◆ Work task
Pictures are to be left out; everything else in the records must be repeated exactly.

◆ Dataset excerpts
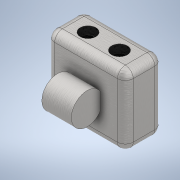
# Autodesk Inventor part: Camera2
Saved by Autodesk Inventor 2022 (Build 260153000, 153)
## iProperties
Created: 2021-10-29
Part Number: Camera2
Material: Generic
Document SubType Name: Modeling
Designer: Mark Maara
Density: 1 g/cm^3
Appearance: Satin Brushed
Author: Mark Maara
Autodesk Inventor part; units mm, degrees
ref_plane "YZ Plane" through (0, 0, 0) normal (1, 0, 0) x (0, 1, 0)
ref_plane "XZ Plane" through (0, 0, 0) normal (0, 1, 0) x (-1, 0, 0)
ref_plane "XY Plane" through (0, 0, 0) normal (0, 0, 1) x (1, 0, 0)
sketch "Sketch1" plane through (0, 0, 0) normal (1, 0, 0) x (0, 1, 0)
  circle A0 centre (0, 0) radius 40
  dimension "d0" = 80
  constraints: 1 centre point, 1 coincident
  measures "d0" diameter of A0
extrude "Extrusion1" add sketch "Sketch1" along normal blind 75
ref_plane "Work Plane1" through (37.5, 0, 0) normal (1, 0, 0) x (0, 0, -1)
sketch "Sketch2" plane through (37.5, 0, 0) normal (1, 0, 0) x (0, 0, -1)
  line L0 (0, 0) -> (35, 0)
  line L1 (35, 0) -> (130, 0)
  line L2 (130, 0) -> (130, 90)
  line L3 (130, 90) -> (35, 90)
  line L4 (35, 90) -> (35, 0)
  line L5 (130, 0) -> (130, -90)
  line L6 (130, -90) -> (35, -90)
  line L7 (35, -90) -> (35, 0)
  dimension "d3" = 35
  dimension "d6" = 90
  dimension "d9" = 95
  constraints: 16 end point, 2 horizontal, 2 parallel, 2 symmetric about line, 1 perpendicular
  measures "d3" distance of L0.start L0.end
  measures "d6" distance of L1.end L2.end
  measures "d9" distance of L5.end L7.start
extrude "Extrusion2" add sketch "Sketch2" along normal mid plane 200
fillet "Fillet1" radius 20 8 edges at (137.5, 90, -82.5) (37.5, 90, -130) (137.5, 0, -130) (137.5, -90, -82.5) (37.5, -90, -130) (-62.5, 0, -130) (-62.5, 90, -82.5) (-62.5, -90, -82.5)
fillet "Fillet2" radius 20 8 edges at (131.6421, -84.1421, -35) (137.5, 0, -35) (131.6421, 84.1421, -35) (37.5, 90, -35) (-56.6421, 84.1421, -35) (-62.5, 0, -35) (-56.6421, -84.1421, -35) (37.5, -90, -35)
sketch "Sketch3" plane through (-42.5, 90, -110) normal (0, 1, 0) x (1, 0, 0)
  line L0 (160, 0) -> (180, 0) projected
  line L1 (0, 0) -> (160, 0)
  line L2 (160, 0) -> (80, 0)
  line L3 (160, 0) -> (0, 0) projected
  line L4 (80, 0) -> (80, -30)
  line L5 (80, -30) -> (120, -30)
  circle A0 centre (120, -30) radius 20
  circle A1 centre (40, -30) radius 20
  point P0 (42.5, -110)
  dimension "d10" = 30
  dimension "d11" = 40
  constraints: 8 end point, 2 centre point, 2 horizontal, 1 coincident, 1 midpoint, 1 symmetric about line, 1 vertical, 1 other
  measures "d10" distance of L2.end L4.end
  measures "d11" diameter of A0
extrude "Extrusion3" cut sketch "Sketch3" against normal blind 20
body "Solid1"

◆ Answer space
# Autodesk Inventor part: Camera2
Saved by Autodesk Inventor 2022 (Build 260153000, 153)
## iProperties
Created: 2021-10-29
Part Number: Camera2
Material: Generic
Document SubType Name: Modeling
Designer: Mark Maara
Density: 1 g/cm^3
Appearance: Satin Brushed
Author: Mark Maara
Autodesk Inventor part; units mm, degrees
ref_plane "YZ Plane" through (0, 0, 0) normal (1, 0, 0) x (0, 1, 0)
ref_plane "XZ Plane" through (0, 0, 0) normal (0, 1, 0) x (-1, 0, 0)
ref_plane "XY Plane" through (0, 0, 0) normal (0, 0, 1) x (1, 0, 0)
sketch "Sketch1" plane through (0, 0, 0) normal (1, 0, 0) x (0, 1, 0)
  circle A0 centre (0, 0) radius 40
  dimension "d0" = 80
  constraints: 1 centre point, 1 coincident
  measures "d0" diameter of A0
extrude "Extrusion1" add sketch "Sketch1" along normal blind 75
ref_plane "Work Plane1" through (37.5, 0, 0) normal (1, 0, 0) x (0, 0, -1)
sketch "Sketch2" plane through (37.5, 0, 0) normal (1, 0, 0) x (0, 0, -1)
  line L0 (0, 0) -> (35, 0)
  line L1 (35, 0) -> (130, 0)
  line L2 (130, 0) -> (130, 90)
  line L3 (130, 90) -> (35, 90)
  line L4 (35, 90) -> (35, 0)
  line L5 (130, 0) -> (130, -90)
  line L6 (130, -90) -> (35, -90)
  line L7 (35, -90) -> (35, 0)
  dimension "d3" = 35
  dimension "d6" = 90
  dimension "d9" = 95
  constraints: 16 end point, 2 horizontal, 2 parallel, 2 symmetric about line, 1 perpendicular
  measures "d3" distance of L0.start L0.end
  measures "d6" distance of L1.end L2.end
  measures "d9" distance of L5.end L7.start
extrude "Extrusion2" add sketch "Sketch2" along normal mid plane 200
fillet "Fillet1" radius 20 8 edges at (137.5, 90, -82.5) (37.5, 90, -130) (137.5, 0, -130) (137.5, -90, -82.5) (37.5, -90, -130) (-62.5, 0, -130) (-62.5, 90, -82.5) (-62.5, -90, -82.5)
fillet "Fillet2" radius 20 8 edges at (131.6421, -84.1421, -35) (137.5, 0, -35) (131.6421, 84.1421, -35) (37.5, 90, -35) (-56.6421, 84.1421, -35) (-62.5, 0, -35) (-56.6421, -84.1421, -35) (37.5, -90, -35)
sketch "Sketch3" plane through (-42.5, 90, -110) normal (0, 1, 0) x (1, 0, 0)
  line L0 (160, 0) -> (180, 0) projected
  line L1 (0, 0) -> (160, 0)
  line L2 (160, 0) -> (80, 0)
  line L3 (160, 0) -> (0, 0) projected
  line L4 (80, 0) -> (80, -30)
  line L5 (80, -30) -> (120, -30)
  circle A0 centre (120, -30) radius 20
  circle A1 centre (40, -30) radius 20
  point P0 (42.5, -110)
  dimension "d10" = 30
  dimension "d11" = 40
  constraints: 8 end point, 2 centre point, 2 horizontal, 1 coincident, 1 midpoint, 1 symmetric about line, 1 vertical, 1 other
  measures "d10" distance of L2.end L4.end
  measures "d11" diameter of A0
extrude "Extrusion3" cut sketch "Sketch3" against normal blind 20
body "Solid1"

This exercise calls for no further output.